PROBLEM REQUIREMENTS: Each line holding the string "align" is to be copied from the data.

LISTED ENTRIES:
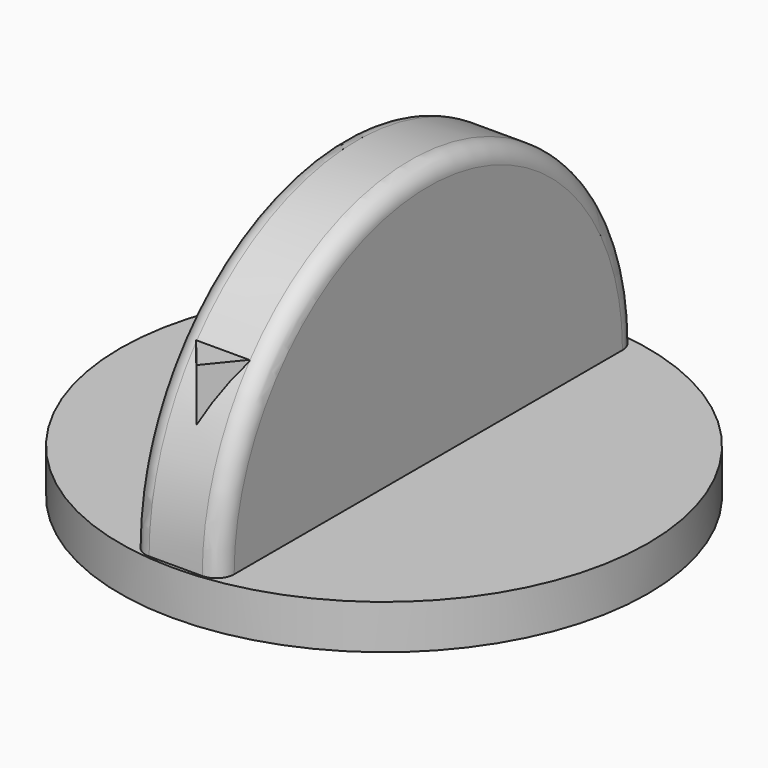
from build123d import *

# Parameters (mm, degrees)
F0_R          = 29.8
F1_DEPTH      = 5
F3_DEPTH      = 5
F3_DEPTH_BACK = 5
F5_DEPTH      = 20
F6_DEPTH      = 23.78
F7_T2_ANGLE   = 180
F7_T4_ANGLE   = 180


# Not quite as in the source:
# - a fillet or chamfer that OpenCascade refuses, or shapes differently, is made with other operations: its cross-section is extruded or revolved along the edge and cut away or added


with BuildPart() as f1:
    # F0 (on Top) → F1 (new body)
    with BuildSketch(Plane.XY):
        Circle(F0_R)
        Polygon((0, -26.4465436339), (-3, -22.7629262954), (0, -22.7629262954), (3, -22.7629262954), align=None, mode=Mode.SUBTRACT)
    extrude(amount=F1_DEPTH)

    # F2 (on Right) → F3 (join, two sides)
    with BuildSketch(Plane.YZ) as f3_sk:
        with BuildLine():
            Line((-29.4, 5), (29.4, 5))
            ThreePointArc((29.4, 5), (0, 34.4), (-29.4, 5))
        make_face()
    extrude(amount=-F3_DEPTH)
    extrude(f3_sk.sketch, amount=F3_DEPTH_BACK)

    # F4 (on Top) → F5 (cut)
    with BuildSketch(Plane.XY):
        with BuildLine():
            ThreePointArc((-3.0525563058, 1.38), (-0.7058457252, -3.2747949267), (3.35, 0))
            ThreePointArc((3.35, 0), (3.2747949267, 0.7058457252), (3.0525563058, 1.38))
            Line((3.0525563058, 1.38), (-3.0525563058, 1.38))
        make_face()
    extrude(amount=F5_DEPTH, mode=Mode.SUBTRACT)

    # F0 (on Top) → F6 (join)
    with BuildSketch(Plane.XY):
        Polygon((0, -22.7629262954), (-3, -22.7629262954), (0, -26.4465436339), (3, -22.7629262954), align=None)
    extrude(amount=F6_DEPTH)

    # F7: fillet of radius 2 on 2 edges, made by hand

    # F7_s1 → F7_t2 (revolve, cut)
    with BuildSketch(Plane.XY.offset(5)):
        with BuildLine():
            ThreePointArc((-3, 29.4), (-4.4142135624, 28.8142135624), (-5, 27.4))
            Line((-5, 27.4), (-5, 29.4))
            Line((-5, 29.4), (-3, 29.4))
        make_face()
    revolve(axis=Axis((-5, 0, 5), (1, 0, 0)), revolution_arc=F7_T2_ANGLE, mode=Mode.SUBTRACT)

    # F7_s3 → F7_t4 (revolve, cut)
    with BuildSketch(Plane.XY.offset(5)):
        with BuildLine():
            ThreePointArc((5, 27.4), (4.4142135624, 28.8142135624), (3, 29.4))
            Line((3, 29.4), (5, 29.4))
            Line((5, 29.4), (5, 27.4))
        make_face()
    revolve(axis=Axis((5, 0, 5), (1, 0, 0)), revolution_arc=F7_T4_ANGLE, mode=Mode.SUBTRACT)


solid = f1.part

SOLUTION:
        Polygon((0, -26.4465436339), (-3, -22.7629262954), (0, -22.7629262954), (3, -22.7629262954), align=None, mode=Mode.SUBTRACT)
        Polygon((0, -22.7629262954), (-3, -22.7629262954), (0, -26.4465436339), (3, -22.7629262954), align=None)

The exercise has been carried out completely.